# TASK DESCRIPTION:
Provide a character-exact reproduction of the lines from the line with "R252.1, R253.1, R254.1" to the end of the entries.
###
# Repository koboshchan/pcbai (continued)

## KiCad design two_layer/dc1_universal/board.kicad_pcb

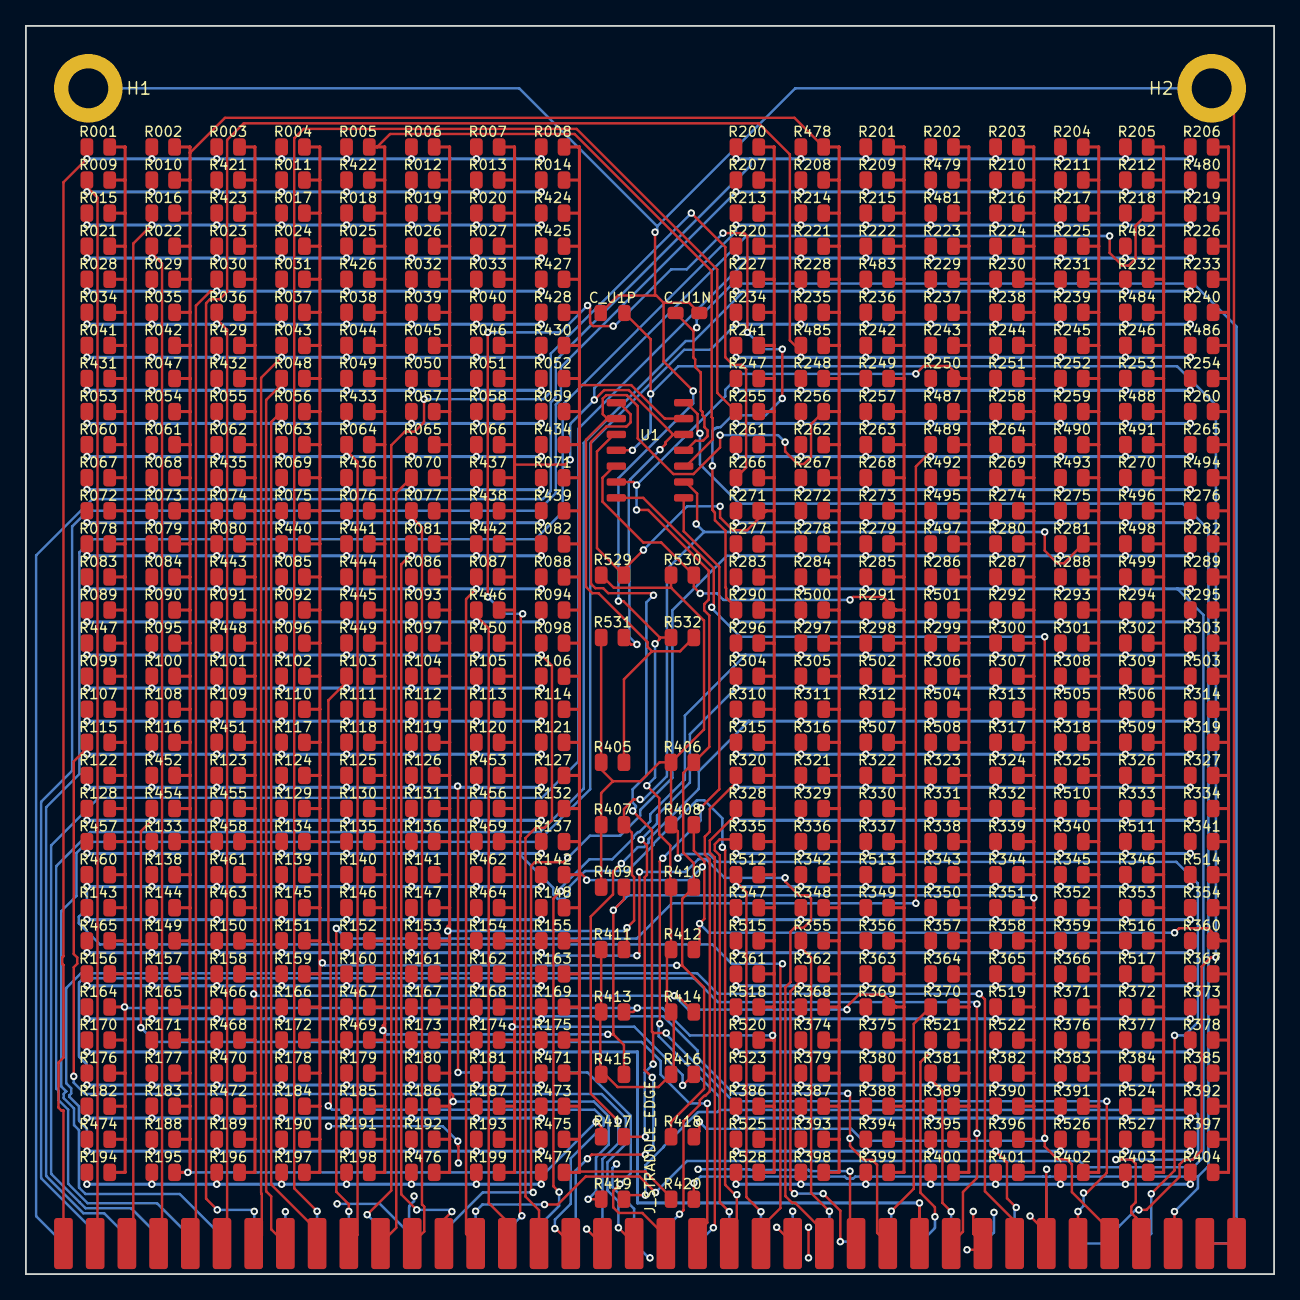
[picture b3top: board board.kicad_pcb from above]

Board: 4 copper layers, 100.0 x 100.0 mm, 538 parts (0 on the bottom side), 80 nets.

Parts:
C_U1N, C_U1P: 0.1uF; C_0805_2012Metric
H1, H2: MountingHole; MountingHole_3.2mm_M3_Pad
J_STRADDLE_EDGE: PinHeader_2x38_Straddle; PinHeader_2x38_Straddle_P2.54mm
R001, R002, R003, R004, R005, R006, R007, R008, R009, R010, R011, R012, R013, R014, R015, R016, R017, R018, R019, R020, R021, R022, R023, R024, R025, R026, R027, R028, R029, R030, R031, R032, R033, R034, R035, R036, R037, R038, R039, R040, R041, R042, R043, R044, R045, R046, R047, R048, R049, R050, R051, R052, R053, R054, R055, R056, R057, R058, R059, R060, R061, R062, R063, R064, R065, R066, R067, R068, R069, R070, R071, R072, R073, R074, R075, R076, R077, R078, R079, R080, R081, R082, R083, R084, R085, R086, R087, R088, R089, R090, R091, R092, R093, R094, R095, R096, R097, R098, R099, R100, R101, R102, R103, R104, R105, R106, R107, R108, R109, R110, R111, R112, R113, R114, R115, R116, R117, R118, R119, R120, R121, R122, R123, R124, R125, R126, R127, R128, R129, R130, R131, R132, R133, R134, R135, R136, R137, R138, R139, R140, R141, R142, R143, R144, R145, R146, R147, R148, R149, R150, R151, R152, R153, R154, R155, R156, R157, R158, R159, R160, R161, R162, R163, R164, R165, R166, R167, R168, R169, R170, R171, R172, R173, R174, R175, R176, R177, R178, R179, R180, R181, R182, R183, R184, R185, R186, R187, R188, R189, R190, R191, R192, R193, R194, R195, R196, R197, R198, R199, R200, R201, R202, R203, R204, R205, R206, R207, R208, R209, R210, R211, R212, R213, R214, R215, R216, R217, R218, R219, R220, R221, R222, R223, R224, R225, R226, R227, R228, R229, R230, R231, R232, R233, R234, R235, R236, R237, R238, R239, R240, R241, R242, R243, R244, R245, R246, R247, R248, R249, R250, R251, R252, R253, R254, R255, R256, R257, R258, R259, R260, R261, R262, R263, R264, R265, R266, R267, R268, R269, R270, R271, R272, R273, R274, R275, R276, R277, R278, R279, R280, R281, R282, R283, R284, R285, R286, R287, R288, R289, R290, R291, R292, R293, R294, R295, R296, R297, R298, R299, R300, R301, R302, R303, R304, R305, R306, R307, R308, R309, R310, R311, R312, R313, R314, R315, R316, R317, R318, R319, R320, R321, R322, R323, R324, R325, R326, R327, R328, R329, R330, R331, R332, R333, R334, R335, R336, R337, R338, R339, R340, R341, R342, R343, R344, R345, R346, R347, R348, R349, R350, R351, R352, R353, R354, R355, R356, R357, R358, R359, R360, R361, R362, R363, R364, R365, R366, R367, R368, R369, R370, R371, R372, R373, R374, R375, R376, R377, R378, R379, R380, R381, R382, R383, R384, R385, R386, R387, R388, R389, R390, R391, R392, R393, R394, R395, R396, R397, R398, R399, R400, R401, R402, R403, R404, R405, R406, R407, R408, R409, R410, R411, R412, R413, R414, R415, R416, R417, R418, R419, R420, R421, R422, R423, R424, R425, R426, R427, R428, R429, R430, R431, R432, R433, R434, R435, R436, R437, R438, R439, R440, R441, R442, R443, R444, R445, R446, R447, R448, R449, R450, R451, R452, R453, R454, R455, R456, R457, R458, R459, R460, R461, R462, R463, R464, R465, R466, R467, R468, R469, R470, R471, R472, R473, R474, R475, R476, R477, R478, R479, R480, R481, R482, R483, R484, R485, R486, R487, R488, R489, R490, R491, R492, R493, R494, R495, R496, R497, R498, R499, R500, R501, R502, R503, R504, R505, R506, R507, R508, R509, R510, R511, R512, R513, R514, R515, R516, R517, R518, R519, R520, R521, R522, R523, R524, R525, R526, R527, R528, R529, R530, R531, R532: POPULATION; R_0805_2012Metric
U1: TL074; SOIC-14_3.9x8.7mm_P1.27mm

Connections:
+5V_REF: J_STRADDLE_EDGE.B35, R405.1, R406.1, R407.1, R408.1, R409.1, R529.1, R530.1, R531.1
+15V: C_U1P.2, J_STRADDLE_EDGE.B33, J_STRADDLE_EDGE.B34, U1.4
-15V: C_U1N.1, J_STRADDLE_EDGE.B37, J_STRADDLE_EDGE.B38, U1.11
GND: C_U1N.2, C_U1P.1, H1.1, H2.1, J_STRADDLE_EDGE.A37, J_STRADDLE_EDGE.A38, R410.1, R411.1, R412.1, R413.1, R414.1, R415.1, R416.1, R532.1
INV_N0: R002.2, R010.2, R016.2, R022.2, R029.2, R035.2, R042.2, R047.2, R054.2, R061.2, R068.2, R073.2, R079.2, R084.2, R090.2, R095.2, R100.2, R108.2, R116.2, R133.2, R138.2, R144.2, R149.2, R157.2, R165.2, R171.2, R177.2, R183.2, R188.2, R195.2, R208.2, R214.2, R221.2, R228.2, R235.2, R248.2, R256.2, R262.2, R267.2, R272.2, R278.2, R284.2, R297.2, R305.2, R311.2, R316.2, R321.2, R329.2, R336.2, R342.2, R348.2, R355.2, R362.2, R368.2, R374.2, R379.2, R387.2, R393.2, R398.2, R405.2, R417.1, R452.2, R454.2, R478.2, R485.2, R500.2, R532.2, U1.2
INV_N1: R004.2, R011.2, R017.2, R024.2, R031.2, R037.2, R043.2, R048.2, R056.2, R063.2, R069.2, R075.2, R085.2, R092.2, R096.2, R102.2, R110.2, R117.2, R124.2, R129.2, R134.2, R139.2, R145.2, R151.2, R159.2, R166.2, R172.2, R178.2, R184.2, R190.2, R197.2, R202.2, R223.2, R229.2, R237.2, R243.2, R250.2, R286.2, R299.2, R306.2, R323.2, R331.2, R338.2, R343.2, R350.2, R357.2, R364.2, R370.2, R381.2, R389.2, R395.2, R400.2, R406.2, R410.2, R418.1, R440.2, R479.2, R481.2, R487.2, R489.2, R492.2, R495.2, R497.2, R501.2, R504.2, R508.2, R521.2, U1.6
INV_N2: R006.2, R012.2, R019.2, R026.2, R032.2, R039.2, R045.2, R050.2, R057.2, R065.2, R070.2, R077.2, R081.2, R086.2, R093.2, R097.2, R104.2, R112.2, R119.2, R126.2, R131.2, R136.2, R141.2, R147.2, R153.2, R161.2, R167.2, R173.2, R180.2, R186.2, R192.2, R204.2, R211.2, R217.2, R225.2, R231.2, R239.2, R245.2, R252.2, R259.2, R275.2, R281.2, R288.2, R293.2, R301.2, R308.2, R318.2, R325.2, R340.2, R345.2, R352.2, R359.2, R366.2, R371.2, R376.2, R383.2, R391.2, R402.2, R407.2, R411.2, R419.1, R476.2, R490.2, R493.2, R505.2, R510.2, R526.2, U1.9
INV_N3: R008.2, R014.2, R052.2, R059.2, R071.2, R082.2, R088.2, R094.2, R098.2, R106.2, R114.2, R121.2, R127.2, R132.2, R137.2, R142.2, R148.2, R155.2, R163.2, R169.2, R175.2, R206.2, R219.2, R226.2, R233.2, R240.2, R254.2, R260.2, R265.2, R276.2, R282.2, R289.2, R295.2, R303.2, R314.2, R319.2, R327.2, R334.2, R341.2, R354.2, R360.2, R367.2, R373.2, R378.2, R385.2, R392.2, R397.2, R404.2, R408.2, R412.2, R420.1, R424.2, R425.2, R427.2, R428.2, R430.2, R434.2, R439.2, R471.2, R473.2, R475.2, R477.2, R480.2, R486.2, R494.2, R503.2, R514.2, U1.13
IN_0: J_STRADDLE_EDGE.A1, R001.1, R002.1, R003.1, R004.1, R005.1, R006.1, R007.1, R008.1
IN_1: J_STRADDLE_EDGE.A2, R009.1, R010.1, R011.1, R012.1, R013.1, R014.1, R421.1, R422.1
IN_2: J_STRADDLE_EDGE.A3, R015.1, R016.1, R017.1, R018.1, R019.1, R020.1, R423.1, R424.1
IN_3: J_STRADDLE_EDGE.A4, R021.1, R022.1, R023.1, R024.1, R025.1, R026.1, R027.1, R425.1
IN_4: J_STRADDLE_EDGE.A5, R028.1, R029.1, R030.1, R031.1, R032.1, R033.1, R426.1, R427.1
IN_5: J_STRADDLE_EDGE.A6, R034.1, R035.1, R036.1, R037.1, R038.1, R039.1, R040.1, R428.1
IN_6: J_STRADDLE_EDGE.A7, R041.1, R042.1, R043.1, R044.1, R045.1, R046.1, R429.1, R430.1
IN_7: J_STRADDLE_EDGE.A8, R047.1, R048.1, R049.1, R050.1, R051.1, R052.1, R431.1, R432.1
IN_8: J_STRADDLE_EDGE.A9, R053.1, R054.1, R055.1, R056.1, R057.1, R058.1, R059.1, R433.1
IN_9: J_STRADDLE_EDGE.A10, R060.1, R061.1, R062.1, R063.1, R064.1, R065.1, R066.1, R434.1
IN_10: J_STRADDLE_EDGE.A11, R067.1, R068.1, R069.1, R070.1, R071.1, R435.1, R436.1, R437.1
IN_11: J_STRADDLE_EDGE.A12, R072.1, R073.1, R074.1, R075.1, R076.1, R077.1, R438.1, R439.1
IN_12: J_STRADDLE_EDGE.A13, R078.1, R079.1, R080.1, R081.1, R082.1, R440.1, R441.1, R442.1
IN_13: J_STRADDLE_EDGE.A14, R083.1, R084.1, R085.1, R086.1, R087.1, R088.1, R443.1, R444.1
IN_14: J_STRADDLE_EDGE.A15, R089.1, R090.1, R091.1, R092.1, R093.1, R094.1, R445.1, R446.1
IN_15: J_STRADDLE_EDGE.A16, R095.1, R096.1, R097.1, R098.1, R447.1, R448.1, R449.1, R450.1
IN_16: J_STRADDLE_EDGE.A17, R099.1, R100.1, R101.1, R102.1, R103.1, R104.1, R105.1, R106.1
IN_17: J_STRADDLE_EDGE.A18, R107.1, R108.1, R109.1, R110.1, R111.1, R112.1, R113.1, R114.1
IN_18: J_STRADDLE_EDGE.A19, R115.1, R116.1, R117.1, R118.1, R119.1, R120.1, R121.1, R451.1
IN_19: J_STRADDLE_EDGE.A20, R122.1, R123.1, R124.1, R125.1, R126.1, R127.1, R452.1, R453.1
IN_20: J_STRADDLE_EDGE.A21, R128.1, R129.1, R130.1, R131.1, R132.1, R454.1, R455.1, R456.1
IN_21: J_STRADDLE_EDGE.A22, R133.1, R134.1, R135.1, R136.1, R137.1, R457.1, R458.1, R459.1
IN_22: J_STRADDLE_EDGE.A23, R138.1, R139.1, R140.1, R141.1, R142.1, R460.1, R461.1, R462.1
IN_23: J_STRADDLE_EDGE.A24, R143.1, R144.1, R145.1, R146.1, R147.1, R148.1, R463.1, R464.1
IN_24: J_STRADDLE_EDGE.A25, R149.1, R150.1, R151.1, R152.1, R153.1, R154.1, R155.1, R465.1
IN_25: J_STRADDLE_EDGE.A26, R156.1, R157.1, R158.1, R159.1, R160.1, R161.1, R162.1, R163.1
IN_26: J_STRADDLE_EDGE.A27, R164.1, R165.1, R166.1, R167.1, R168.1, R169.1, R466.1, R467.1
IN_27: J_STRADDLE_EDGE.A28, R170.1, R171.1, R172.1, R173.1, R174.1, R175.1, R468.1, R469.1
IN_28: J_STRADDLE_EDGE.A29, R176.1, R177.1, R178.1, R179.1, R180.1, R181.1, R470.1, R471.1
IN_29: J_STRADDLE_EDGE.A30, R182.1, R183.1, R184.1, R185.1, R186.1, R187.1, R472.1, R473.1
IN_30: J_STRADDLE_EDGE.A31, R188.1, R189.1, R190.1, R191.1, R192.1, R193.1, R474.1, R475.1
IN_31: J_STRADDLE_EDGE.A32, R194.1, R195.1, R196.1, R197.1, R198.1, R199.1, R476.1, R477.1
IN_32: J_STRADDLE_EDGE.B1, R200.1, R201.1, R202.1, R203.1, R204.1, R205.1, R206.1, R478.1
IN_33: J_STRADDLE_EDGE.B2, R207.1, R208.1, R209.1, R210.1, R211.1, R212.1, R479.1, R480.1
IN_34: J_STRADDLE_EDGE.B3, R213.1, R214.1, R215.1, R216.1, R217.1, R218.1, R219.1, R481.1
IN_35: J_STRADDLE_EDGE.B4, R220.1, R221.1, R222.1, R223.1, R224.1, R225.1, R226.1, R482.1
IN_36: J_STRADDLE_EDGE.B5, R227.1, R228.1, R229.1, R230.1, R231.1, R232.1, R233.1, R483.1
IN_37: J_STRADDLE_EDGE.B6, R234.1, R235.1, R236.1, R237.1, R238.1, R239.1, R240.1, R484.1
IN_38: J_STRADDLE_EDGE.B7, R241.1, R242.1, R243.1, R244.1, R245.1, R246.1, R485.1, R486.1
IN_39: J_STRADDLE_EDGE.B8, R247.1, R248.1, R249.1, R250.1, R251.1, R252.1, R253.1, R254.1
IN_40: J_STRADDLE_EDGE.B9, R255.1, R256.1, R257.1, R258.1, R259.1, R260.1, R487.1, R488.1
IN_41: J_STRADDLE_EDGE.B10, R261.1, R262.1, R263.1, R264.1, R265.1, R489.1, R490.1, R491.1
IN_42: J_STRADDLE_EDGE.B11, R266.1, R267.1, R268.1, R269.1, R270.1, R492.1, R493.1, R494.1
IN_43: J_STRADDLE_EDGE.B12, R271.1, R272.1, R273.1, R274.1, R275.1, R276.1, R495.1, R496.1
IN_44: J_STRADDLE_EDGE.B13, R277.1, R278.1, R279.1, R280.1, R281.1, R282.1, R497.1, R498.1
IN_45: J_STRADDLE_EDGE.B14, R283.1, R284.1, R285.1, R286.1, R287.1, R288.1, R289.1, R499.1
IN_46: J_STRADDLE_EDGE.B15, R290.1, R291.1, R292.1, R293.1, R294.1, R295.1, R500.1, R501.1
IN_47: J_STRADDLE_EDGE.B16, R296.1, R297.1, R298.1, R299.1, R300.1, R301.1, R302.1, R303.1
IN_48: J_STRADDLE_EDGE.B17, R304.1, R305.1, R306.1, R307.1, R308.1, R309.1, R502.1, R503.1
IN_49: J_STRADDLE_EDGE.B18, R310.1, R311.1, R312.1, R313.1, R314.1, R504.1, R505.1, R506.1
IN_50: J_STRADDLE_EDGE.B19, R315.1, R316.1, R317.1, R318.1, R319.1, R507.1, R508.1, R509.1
###
# SOLUTION TO THIS TASK:
IN_39: J_STRADDLE_EDGE.B8, R247.1, R248.1, R249.1, R250.1, R251.1, R252.1, R253.1, R254.1
IN_40: J_STRADDLE_EDGE.B9, R255.1, R256.1, R257.1, R258.1, R259.1, R260.1, R487.1, R488.1
IN_41: J_STRADDLE_EDGE.B10, R261.1, R262.1, R263.1, R264.1, R265.1, R489.1, R490.1, R491.1
IN_42: J_STRADDLE_EDGE.B11, R266.1, R267.1, R268.1, R269.1, R270.1, R492.1, R493.1, R494.1
IN_43: J_STRADDLE_EDGE.B12, R271.1, R272.1, R273.1, R274.1, R275.1, R276.1, R495.1, R496.1
IN_44: J_STRADDLE_EDGE.B13, R277.1, R278.1, R279.1, R280.1, R281.1, R282.1, R497.1, R498.1
IN_45: J_STRADDLE_EDGE.B14, R283.1, R284.1, R285.1, R286.1, R287.1, R288.1, R289.1, R499.1
IN_46: J_STRADDLE_EDGE.B15, R290.1, R291.1, R292.1, R293.1, R294.1, R295.1, R500.1, R501.1
IN_47: J_STRADDLE_EDGE.B16, R296.1, R297.1, R298.1, R299.1, R300.1, R301.1, R302.1, R303.1
IN_48: J_STRADDLE_EDGE.B17, R304.1, R305.1, R306.1, R307.1, R308.1, R309.1, R502.1, R503.1
IN_49: J_STRADDLE_EDGE.B18, R310.1, R311.1, R312.1, R313.1, R314.1, R504.1, R505.1, R506.1
IN_50: J_STRADDLE_EDGE.B19, R315.1, R316.1, R317.1, R318.1, R319.1, R507.1, R508.1, R509.1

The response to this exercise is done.